= Pittsburgh, Johnstown, Ebensburg and Eastern Railroad =

Railroad corporation in Pennsylvania

The Pittsburgh, Johnstown, Ebensburg and Eastern Railroad was a railroad corporation in Pennsylvania, intended to unite two local short lines in Clearfield, Blair and Cambria Counties and create a coal-hauling railroad to compete with the Pennsylvania Railroad (PRR). Highly speculative, the railroad never had the financing necessary to begin construction. Chartered in 1897, it began to lose control of the two short lines in 1900, but continued to litigate the matter until 1909. Left a paper corporation without railroad property, it was dissolved a few years later.

==Charter and origins==
The company was chartered on October 2, 1897, to build a railroad between the Baltimore and Ohio Railroad at Johnstown and the Altoona and Philipsburg Connecting Railroad (A&PC) at Ramey. The line would climb north from Johnstown along Hinkston Run to Ebensburg, and turn east to cut across the drainages to Loretto. From there, it would follow the PRR's Cresson and Irvona Branch, connecting with the Altoona and Beech Creek Railroad (A&BC) at Dean before turning away to cross the Pennsylvania and Northwestern Railroad at Utahville and descending to Ramey. It obtained a lease of the A&PC on October 20, 1897.

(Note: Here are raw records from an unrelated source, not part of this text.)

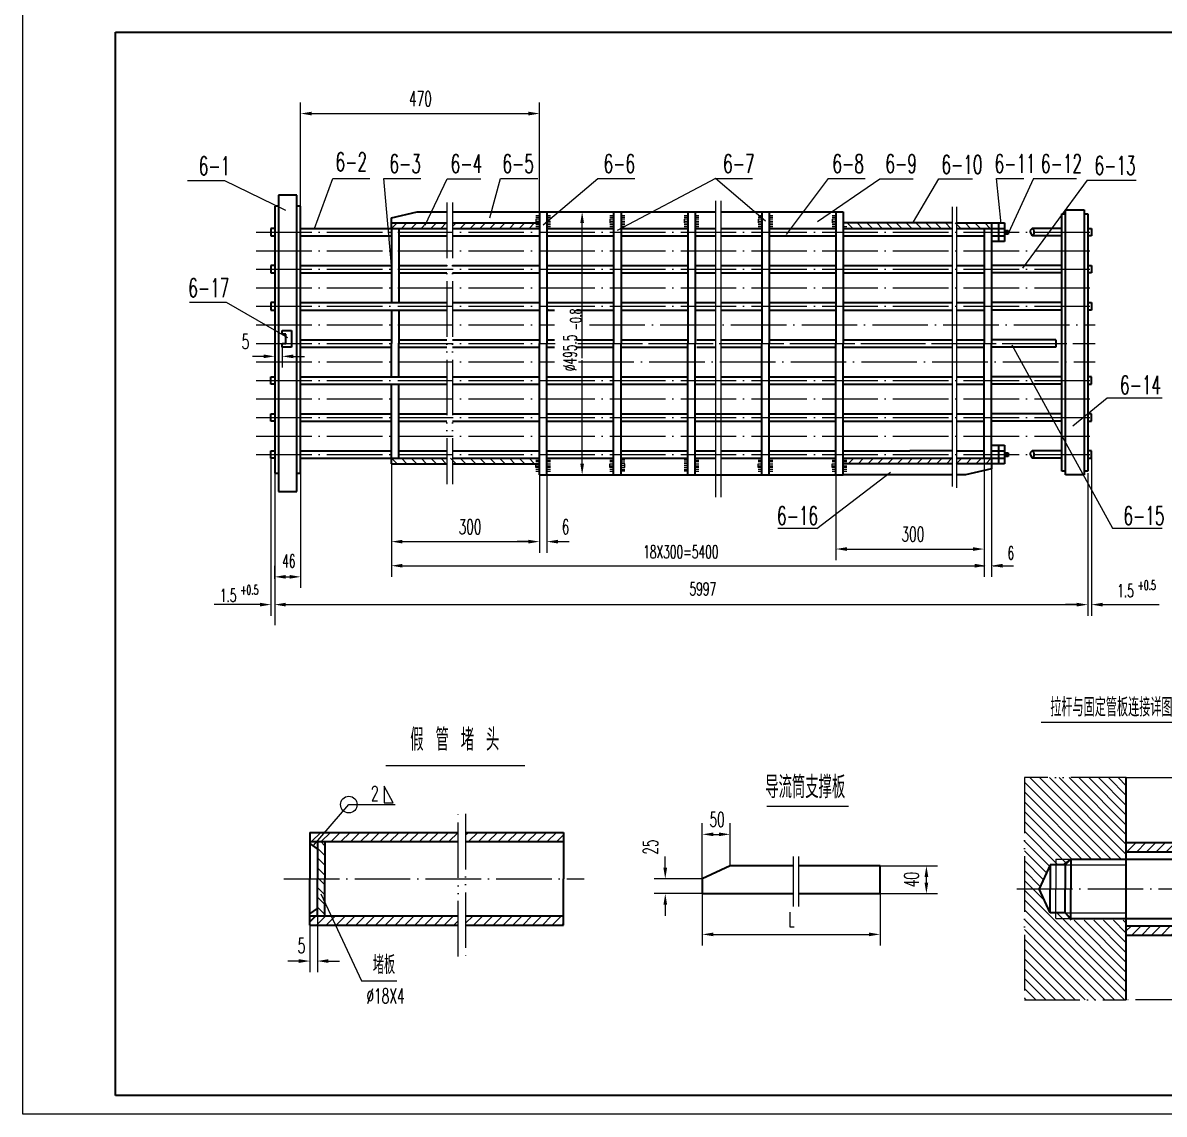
# Model space of a CAD drawing. Extents: x 0 to 841, y 6 to 600.
# Drawn here: x 0 to 308.1, y 6 to 300.5 of the extents above; entities that cross this region are included whole.
import ezdxf
from ezdxf.enums import TextEntityAlignment as Align

# ---------------------------------------------------------------- set-up
doc = ezdxf.new("R2010")
doc.units = 0
doc.header["$MEASUREMENT"] = 0
doc.linetypes.add('SDHS', pattern=[21, 15, -2, 0, -2, 0, -2])
doc.linetypes.add('ZHXS', pattern=[19, 15, -2, 0, -2])
doc.layers.get('0').update_dxf_attribs({"linetype": 'CONTINUOUS'})
for name, color, linetype in [('1', 7, 'ZHXS'), ('2', 7, 'SDHS'), ('FRAME', 1, 'CONTINUOUS')]:
    doc.layers.add(name, color=color, linetype=linetype)
doc.styles.add('HZ', font='txt', dxfattribs={"width": 0.6, "bigfont": 'hztxt'})

# ---------------------------------------------------------------- blocks, each defined once
blk = doc.blocks.new('*X0')
at = {"color": 0}
for p, q in [((345, 58.62), (346.38, 60)), ((346.53, 57.5), (349.03, 60)), ((349.18, 57.5), (351.68, 60)), ((351.83, 57.5), (354.33, 60)), ((354.48, 57.5), (356.98, 60)), ((357.14, 57.5), (359.64, 60)), ((359.79, 57.5), (362.29, 60)), ((362.44, 57.5), (362.5, 57.56))]:
    blk.add_line(p, q, dxfattribs=at)
blk = doc.blocks.new('*X1')
at = {"color": 0}
for p, q in [((345, 79.83), (347.67, 82.5)), ((345, 82.49), (345.01, 82.5)), ((347.82, 80), (350.32, 82.5)), ((350.47, 80), (352.97, 82.5)), ((353.12, 80), (355.62, 82.5)), ((355.77, 80), (358.27, 82.5)), ((358.42, 80), (360.92, 82.5)), ((361.07, 80), (362.5, 81.43))]:
    blk.add_line(p, q, dxfattribs=at)
blk = doc.blocks.new('*X2')
at = {"color": 0}
for p, q in [((338.31, 78), (317.5, 98.81)), ((340.96, 78), (318.96, 100)), ((343.61, 78), (321.61, 100)), ((345, 79.26), (324.26, 100)), ((345, 81.92), (326.92, 100)), ((345, 84.57), (329.57, 100)), ((345, 87.22), (332.22, 100)), ((345, 89.87), (334.87, 100)), ((345, 92.52), (337.52, 100)), ((345, 95.17), (340.17, 100)), ((345, 97.83), (342.83, 100)), ((335.66, 78), (317.5, 96.16)), ((333.01, 78), (317.5, 93.51)), ((330.35, 78), (317.5, 90.85)), ((328.69, 77.02), (317.5, 88.2)), ((326.55, 76.5), (317.5, 85.55)), ((324.31, 76.09), (317.5, 82.9)), ((323.47, 74.27), (317.5, 80.25)), ((322.64, 72.46), (317.5, 77.6)), ((321.8, 70.65), (317.5, 74.94)), ((322.96, 66.83), (317.5, 72.29)), ((345, 42.14), (317.5, 69.64)), ((344.49, 40), (317.5, 66.99)), ((341.84, 40), (317.5, 64.34)), ((339.19, 40), (317.5, 61.69)), ((345, 44.79), (326.29, 63.5)), ((336.53, 40), (317.5, 59.03)), ((345, 47.44), (330.94, 61.5)), ((345, 50.1), (333.6, 61.5)), ((345, 52.75), (336.25, 61.5)), ((345, 55.4), (338.9, 61.5)), ((345, 58.05), (341.55, 61.5)), ((345, 60.7), (344.2, 61.5)), ((333.88, 40), (317.5, 56.38)), ((331.23, 40), (317.5, 53.73)), ((328.58, 40), (317.5, 51.08)), ((325.93, 40), (317.5, 48.43)), ((323.28, 40), (317.5, 45.78)), ((320.62, 40), (317.5, 43.12)), ((317.97, 40), (317.5, 40.47))]:
    blk.add_line(p, q, dxfattribs=at)
blk = doc.blocks.new('*X5')
at = {"color": 0}
for p, q in [((84.55, 241), (86.05, 242.5)), ((87.2, 241), (88.7, 242.5)), ((89.86, 241), (91.36, 242.5)), ((92.51, 241), (94.01, 242.5)), ((95.16, 241), (96.66, 242.5)), ((97.81, 241), (99.31, 242.5)), ((100.46, 241), (101.96, 242.5)), ((103.11, 241), (104.61, 242.5)), ((105.77, 241), (107.27, 242.5)), ((108.42, 241), (109.92, 242.5)), ((111.07, 241), (112.57, 242.5)), ((113.72, 241), (115.22, 242.5)), ((116.37, 241), (117.87, 242.5)), ((119.02, 241), (120.52, 242.5)), ((121.68, 241), (123.18, 242.5))]:
    blk.add_line(p, q, dxfattribs=at)
blk = doc.blocks.new('*X8')
at = {"color": 0}
for p, q in [((534, 128.91), (532.91, 130)), ((534, 126.26), (532, 128.26)), ((534, 123.61), (532, 125.61)), ((534, 120.96), (532, 122.96)), ((534, 118.31), (532, 120.31)), ((534, 115.65), (532, 117.65)), ((534, 113), (532, 115)), ((534, 110.35), (532, 112.35))]:
    blk.add_line(p, q, dxfattribs=at)

msp = doc.modelspace()

# ---------------------------------------------------------------- linework, layer by layer
for p, q in [((0, 6), (0, 600)), ((75, 251), (75, 279.02)), ((139.5, 249.5), (139.5, 279.02)), ((78, 276.02), (136.5, 276.02)), ((54.5, 257.89), (44.5, 257.89)), ((71, 249.89), (54.5, 257.89)), ((78.78, 245), (83.67, 258.5)), ((83.67, 258.5), (93.67, 258.5)), ((99.5, 235), (97.48, 258.5)), ((97.48, 258.5), (107.48, 258.5)), ((108.58, 245.91), (114.58, 258.41)), ((114.58, 258.41), (123.67, 258.41)), ((126.12, 247.9), (129, 258.5)), ((129, 258.5), (139, 258.5)), ((140.5, 245.97), (155.26, 258.5)), ((155.26, 258.5), (165.26, 258.5)), ((187, 258.5), (160.5, 244.5)), ((187, 258.5), (197, 258.5)), ((200.5, 247), (187, 258.5)), ((217.44, 258.5), (206.05, 243.34)), ((214.58, 246.89), (231.34, 258.41)), ((217.44, 258.5), (227.44, 258.5)), ((231.34, 258.41), (240.34, 258.41)), ((240.47, 246.83), (247.26, 258.37)), ((247.26, 258.37), (256.41, 258.37)), ((262.85, 258.5), (270.22, 258.5)), ((264.13, 246.3), (262.85, 258.5)), ((272.88, 258.5), (266.14, 243.8)), ((287.35, 258.02), (269.9, 234.27)), ((272.88, 258.5), (284.48, 258.5)), ((287.35, 258.02), (300.61, 258.02)), ((187, 252.5), (187, 172.5)), ((188.5, 172.5), (188.5, 252.5)), ((250.94, 250.88), (250.94, 175.39)), ((252.08, 250.88), (252.08, 175.05)), ((138.5, 248.5), (139.5, 248.5)), ((139.5, 248), (138.5, 248)), ((139, 247.5), (138.5, 247.5)), ((138.5, 247.5), (138.5, 246.5)), ((138.5, 247), (139.5, 247)), ((139.5, 247.5), (139, 247.5)), ((141.5, 248.5), (142.5, 248.5)), ((142.5, 248), (141.5, 248)), ((142, 247.5), (141.5, 247.5)), ((141.5, 247.5), (141.5, 246.5)), ((141.5, 247), (142.5, 247)), ((142.5, 247.5), (142, 247.5)), ((151, 249.5), (154, 249.5)), ((158.5, 248.5), (159.5, 248.5)), ((159.5, 248), (158.5, 248)), ((158.5, 247.5), (158.5, 246.5)), ((159, 247.5), (158.5, 247.5)), ((158.5, 247), (159.5, 247)), ((159.5, 247.5), (159, 247.5)), ((161.5, 248.5), (162.5, 248.5)), ((162.5, 248), (161.5, 248)), ((162, 247.5), (161.5, 247.5)), ((161.5, 247.5), (161.5, 246.5)), ((161.5, 247), (162.5, 247)), ((162.5, 247.5), (162, 247.5)), ((178.5, 248.5), (179.5, 248.5)), ((178.5, 248.5), (179.5, 248.5)), ((179.5, 248), (178.5, 248)), ((179.5, 248), (178.5, 248)), ((178.5, 247.5), (178.5, 246.5)), ((179, 247.5), (178.5, 247.5)), ((178.5, 247.5), (178.5, 246.5)), ((179, 247.5), (178.5, 247.5)), ((178.5, 247), (179.5, 247)), ((178.5, 247), (179.5, 247)), ((179.5, 247.5), (179, 247.5)), ((179.5, 247.5), (179, 247.5)), ((181.5, 248.5), (182.5, 248.5)), ((182.5, 248), (181.5, 248)), ((181.5, 247.5), (181.5, 246.5)), ((182, 247.5), (181.5, 247.5)), ((181.5, 247), (182.5, 247)), ((182.5, 247.5), (182, 247.5)), ((198.5, 248.5), (199.5, 248.5)), ((199.5, 248), (198.5, 248)), ((199, 247.5), (198.5, 247.5)), ((198.5, 247.5), (198.5, 246.5)), ((198.5, 247), (199.5, 247)), ((199.5, 247.5), (199, 247.5)), ((201.5, 248.5), (202.5, 248.5)), ((202.5, 248), (201.5, 248)), ((201.5, 247.5), (201.5, 246.5)), ((202, 247.5), (201.5, 247.5)), ((201.5, 247), (202.5, 247)), ((202.5, 247.5), (202, 247.5)), ((218.5, 248.5), (219.5, 248.5)), ((218.5, 248.5), (219.5, 248.5)), ((219.5, 248), (218.5, 248)), ((219.5, 248), (218.5, 248)), ((218.5, 247.5), (218.5, 246.5)), ((219, 247.5), (218.5, 247.5)), ((219, 247.5), (218.5, 247.5)), ((218.5, 247.5), (218.5, 246.5)), ((218.5, 247), (219.5, 247)), ((218.5, 247), (219.5, 247)), ((219.5, 247.5), (219, 247.5)), ((219.5, 247.5), (219, 247.5)), ((138.5, 246.5), (139.5, 246.5)), ((139.5, 246), (138.5, 246)), ((138.5, 245.5), (139.5, 245.5)), ((141.5, 246.5), (142.5, 246.5)), ((142.5, 246), (141.5, 246)), ((141.5, 245.5), (142.5, 245.5)), ((151, 210), (151, 246.5)), ((158.5, 246.5), (159.5, 246.5)), ((159.5, 246), (158.5, 246)), ((158.5, 245.5), (159.5, 245.5)), ((161.5, 246.5), (162.5, 246.5)), ((162.5, 246), (161.5, 246)), ((161.5, 245.5), (162.5, 245.5)), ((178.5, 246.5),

The principal figure behind the line was Samuel P. Langdon, a mine owner in the Clearfield Coalfield. Rail shipments from the coalfield were almost entirely controlled by the PRR, and Langdon had already chartered and built the A&PC and engaged in a court battle for control of the A&BC. The PJE&E represented an extension of Langdon's original plan to connect the two railroads, giving Altoona and the southern Clearfield Coalfield an alternative outlet to the PRR, via the Beech Creek Railroad (New York Central) at Philipsburg. Langdon's earlier battle for control of the A&BC (then known as the Altoona, Clearfield & Northern) had ended in failure when a group of stockholders he had contracted with failed to deliver a controlling interest in the railroad. In the aftermath, he brought suit against the group, who subsequently gained control of the AC&N after it was foreclosed and reorganized as the A&BC. To settle the lawsuit, they leased the A&BC to the PJE&E on highly favorable terms.

==Failure==
Langdon's plan was speculative in the extreme. Construction south of Loretto would be difficult and the grade steep; nor was the A&BC's steep, twisting line into Altoona particularly suitable for heavy coal traffic. Short on funds, no construction work was done on the PJE&E proper. It did order two narrow gauge engines for the A&BC in 1901. In the meantime, the lease of the A&BC was annulled by the Court of Common Pleas of Blair County in 1900, due to Langdon's failure to complete the PJE&E. The latter company appealed to the Supreme Court of Pennsylvania, and obtained an extension until January 1, 1902, to complete its railroad and retain the lease. It did not succeed in doing any new construction, and the Blair County sheriff ejected the PJE&E's officers from the A&BC at the end of 1901.

The PJE&E did continue to operate the A&PC from Phillipsburg to Ramey. On August 1, 1903, the PJE&E was sold to the New York and Pittsburg Central Railroad, an unincorporated railroad run by Langdon. However, suit was brought against the company by the A&PC bondholders, including W.L. Shellenberger, president of the A&BC and head of the stockholders whom Langdon had sued. They sought to have the A&PC placed in receivership, terminating the PJE&E operation. Legal skirmishing continued for the next several years, during which Langdon sold off two of the A&PC's new engines. The case was finally settled in 1906, when the court ordered the A&PC to be sold on April 1, 1906, should it default on the first mortgage payments, as it inevitably would.

==Legal maneuvers==
On April 1, it was announced that the A&PC had been bought by the New York and Pittsburgh Air Line Railroad, which had been organized on March 22, 1906. One of the directors was John Langdon, a mine owner in Huntingdon County and probably a relative and agent of Samuel P. As the road was then in the hands of a court-appointed receiver, the NY&PAL's ability to carry out this transaction was highly suspect. It did briefly operate the A&PC, which in the meantime was sold to David L. Krebs, for the bondholders; the sheriff of Clearfield County turned the railroad over to him on September 27, and it was reorganized as the Philipsburg Railroad the next year. Litigation by the NY&PAL to regain control continued, unsuccessfully, until 1909. The PJE&E, which had managed to get a number of the A&PC's gondola cars returned to Langdon's Oak Ridge Coal Co. rather than to the A&PC, remained in existence as a paper railroad and was foreclosed on April 12, 1909. It was reorganized as the Philipsburg and Johnstown Railroad on September 14, 1909, and was listed as defunct by the Public Utilities Commission in 1911–1912.